I need to count a bunch of βthingsβ in Kassandra. I need to increment the counts ~ 100-200 every few seconds or so.
However, I need to count different "things."
In order not to read something twice, I set the key in CF, which the program reads before increasing the counter, for example. sort of:
result = get cf[key]; if (result == NULL){ set cf[key][x] = 1; incr counter_cf[key][x]; }
However, this read operation significantly slows down the operation of the cluster. I tried to reduce reading using multiple columns, for example. sort of:
result = get cf[key]; if (result[key1]){ set cf[key1][x] = 1; incr counter_cf[key1][x]; } if (result[key2]){ set cf[key2][x] = 1; incr counter_cf[key2][x]; } //etc....
Then I reduced the number of reads from 200+ to about 5-6, but it still slows down the cluster.

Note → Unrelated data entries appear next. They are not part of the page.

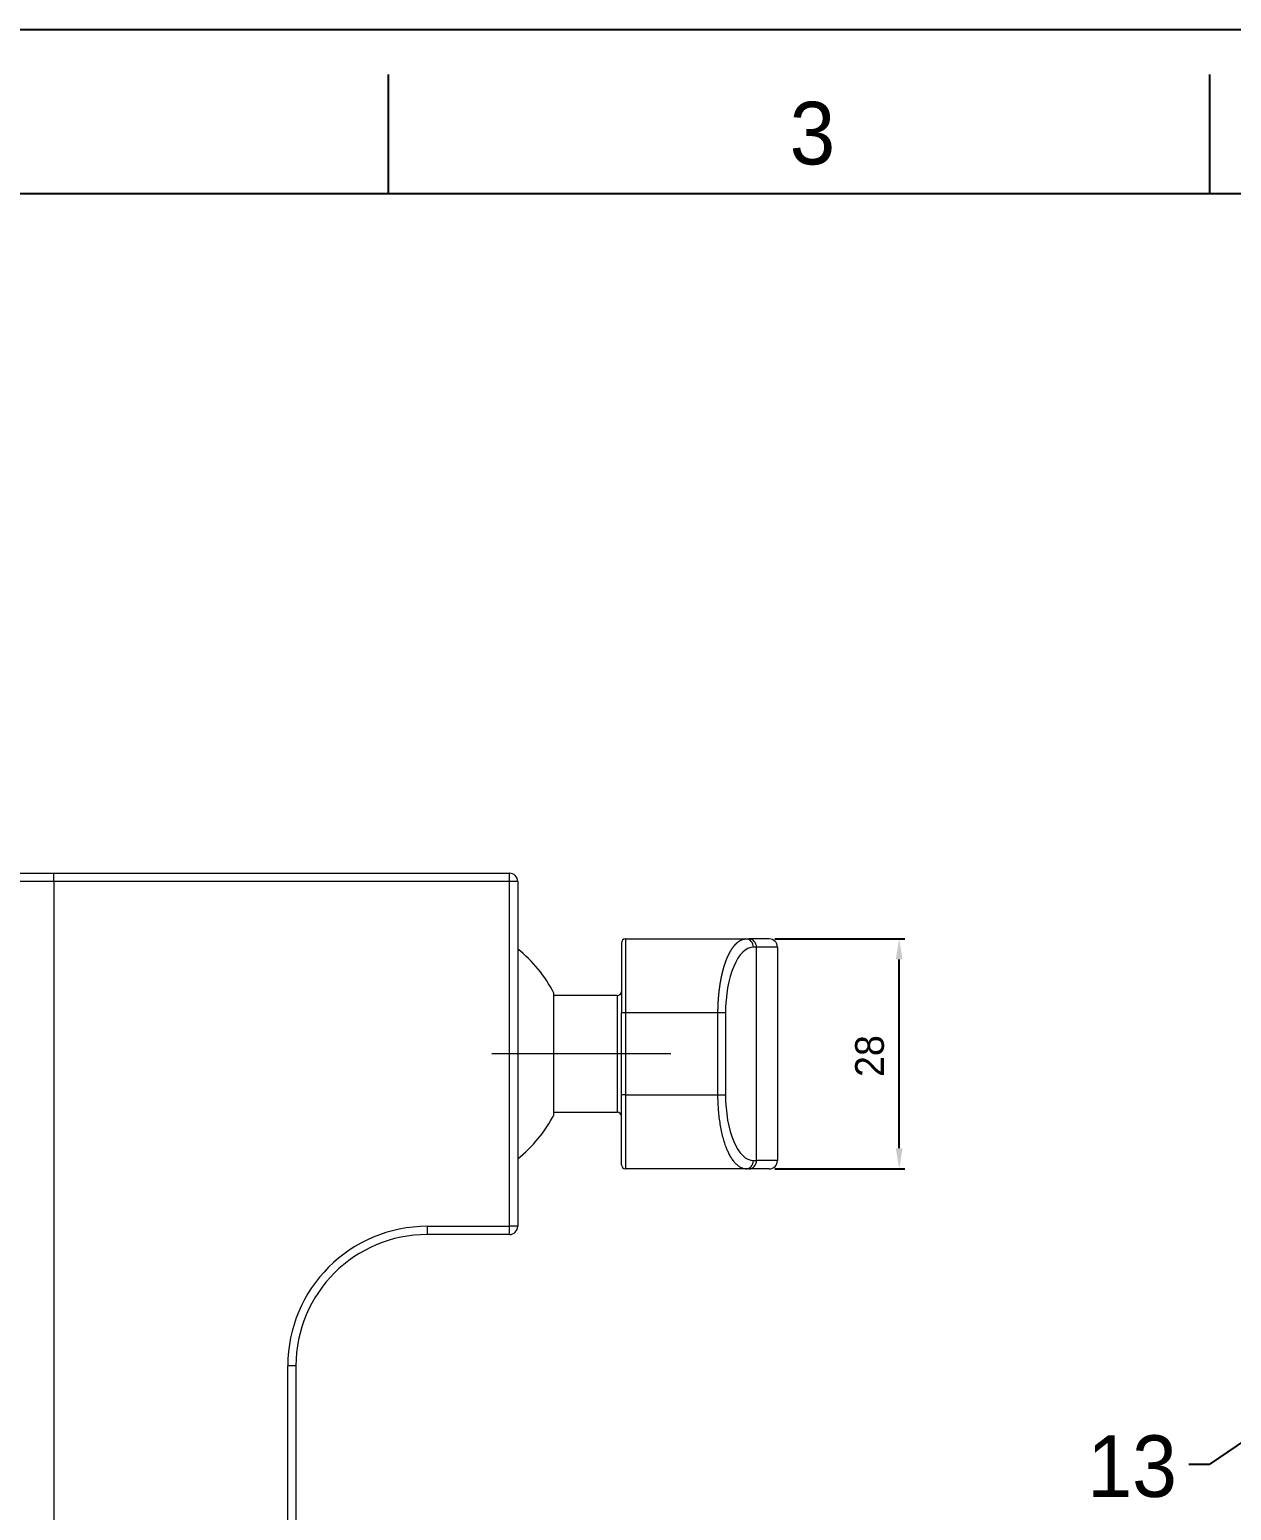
# Model space of a CAD drawing. Extents: x 10170 to 11010, y -16669 to -16075.
# Drawn here: x 10346.2 to 10492.5, y -16255.8 to -16075.5 of the extents above; entities that cross this region are included whole.
import ezdxf

# ---------------------------------------------------------------- set-up
doc = ezdxf.new("R2010")
doc.units = 0
doc.header["$MEASUREMENT"] = 0
doc.linetypes.add('CENTER', pattern=[47.5, 22, -8.5, 8.5, -8.5])
doc.linetypes.add('HIDDEN2', pattern=[4.7625, 3.175, -1.5875])
doc.layers.get('0').update_dxf_attribs({"linetype": 'CONTINUOUS'})
doc.layers.get('DEFPOINTS').update_dxf_attribs({"linetype": 'CONTINUOUS'})
doc.layers.add('1', color=4, linetype='HIDDEN2', lineweight=13)
doc.layers.add('5', color=2, linetype='CONTINUOUS', lineweight=9)
doc.styles.add('ROMANS', font='Gulim.ttf')
doc.styles.get("Standard").update_dxf_attribs({"font": 'Gulim.ttf'})
doc.dimstyles.new('STANDARD$0', dxfattribs={"dimtxt": 3.5, "dimasz": 2.5, "dimexe": 0.7, "dimexo": 0.7, "dimgap": 0.5, "dimtad": 3, "dimdec": 4, "dimdsep": 46, "dimtxsty": 'Standard', "dimcen": 0, "dimclrd": 2, "dimclre": 2, "dimclrt": 4, "dimadec": 0, "dimazin": 0, "dimtp": 0.2, "dimtm": 0.1, "dimtfac": 0.5, "dimtdec": 4, "dimtmove": 1, "dimatfit": 3, "dimfxl": 0, "dimtolj": 1, "dimarcsym": 0})
doc.dimstyles.new('STANDARD$7', dxfattribs={"dimtxt": 3.5, "dimasz": 2.5, "dimexe": 0.3, "dimexo": 0.5, "dimgap": 0.8, "dimtad": 3, "dimlfac": 0.5, "dimdsep": 46, "dimtxsty": 'ROMANS', "dimcen": 0, "dimclrd": 2, "dimclre": 2, "dimclrt": 4, "dimadec": 0, "dimazin": 0, "dimtfac": 1, "dimtmove": 0, "dimatfit": 3, "dimfxl": 0, "dimtolj": 1, "dimarcsym": 0})

# ---------------------------------------------------------------- blocks, each defined once
blk = doc.blocks.new('*D16')
at = {"layer": '5', "color": 2, "lineweight": -2}
for p, q in [((10436.92, -16186.22), (10452.75, -16186.22)), ((10452.05, -16211.72), (10452.05, -16188.72)), ((10436.92, -16214.22), (10452.75, -16214.22))]:
    blk.add_line(p, q, dxfattribs=at)
at = {"layer": '5', "color": 2}
for points in [[(10451.63, -16188.72), (10452.46, -16188.72), (10452.05, -16186.22)], [(10451.63, -16211.72), (10452.46, -16211.72), (10452.05, -16214.22)]]:
    blk.add_solid(points, dxfattribs=at)
at = {"layer": 'DEFPOINTS', "color": 0}
for p in [(10436.22, -16186.22), (10452.05, -16186.22), (10436.22, -16214.22)]:
    blk.add_point(p, dxfattribs=at)
at = {"layer": '5', "color": 4, "insert": (10448.46, -16200.49), "char_height": 3.5, "attachment_point": 5, "rotation": 90}
blk.add_mtext('\\A1;28', dxfattribs=at)

msp = doc.modelspace()

# ---------------------------------------------------------------- linework, layer by layer
at = {"color": 7, "linetype": 'Continuous'}
for p, q in [((10169.86116, -16075.47442), (11009.8609, -16075.47442)), ((10389.86115, -16095.4745), (10389.86115, -16080.93848)), ((10489.86115, -16095.4745), (10489.86115, -16080.93848)), ((10989.86091, -16095.47459), (10189.86115, -16095.47459))]:
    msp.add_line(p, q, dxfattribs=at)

I donβt need an exact calculation, but I canβt use bit masks, nor color filters, because there will be 1M +++ counters, and some can move more than 4,000,000,000.
I am aware of Hyper_Log_Log counting, but I see no easy way to use it with so many counters (1M +++).
I'm currently thinking of using Tokyo Cabinet as an external key / value store, but this solution, if it works, will not be as scalable as Cassandra.